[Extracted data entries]
══════════════════════════════

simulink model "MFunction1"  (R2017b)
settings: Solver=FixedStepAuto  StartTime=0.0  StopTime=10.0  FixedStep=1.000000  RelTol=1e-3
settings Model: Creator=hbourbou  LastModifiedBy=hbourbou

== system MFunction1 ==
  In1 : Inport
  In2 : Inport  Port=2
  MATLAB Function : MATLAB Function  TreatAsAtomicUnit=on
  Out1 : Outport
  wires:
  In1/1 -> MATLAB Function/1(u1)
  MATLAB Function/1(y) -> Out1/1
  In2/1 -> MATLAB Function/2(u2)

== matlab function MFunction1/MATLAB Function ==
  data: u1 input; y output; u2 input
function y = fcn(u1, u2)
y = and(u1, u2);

══════════════════════════════

▶ [PROBLEM DETAILS]
Retype word for word the line above with "matlab function MFunction1/MATLAB" and all lines after it, nothing else.

▶ [RESPONSE TO THIS EXERCISE]
== matlab function MFunction1/MATLAB Function ==
  data: u1 input; y output; u2 input
function y = fcn(u1, u2)
y = and(u1, u2);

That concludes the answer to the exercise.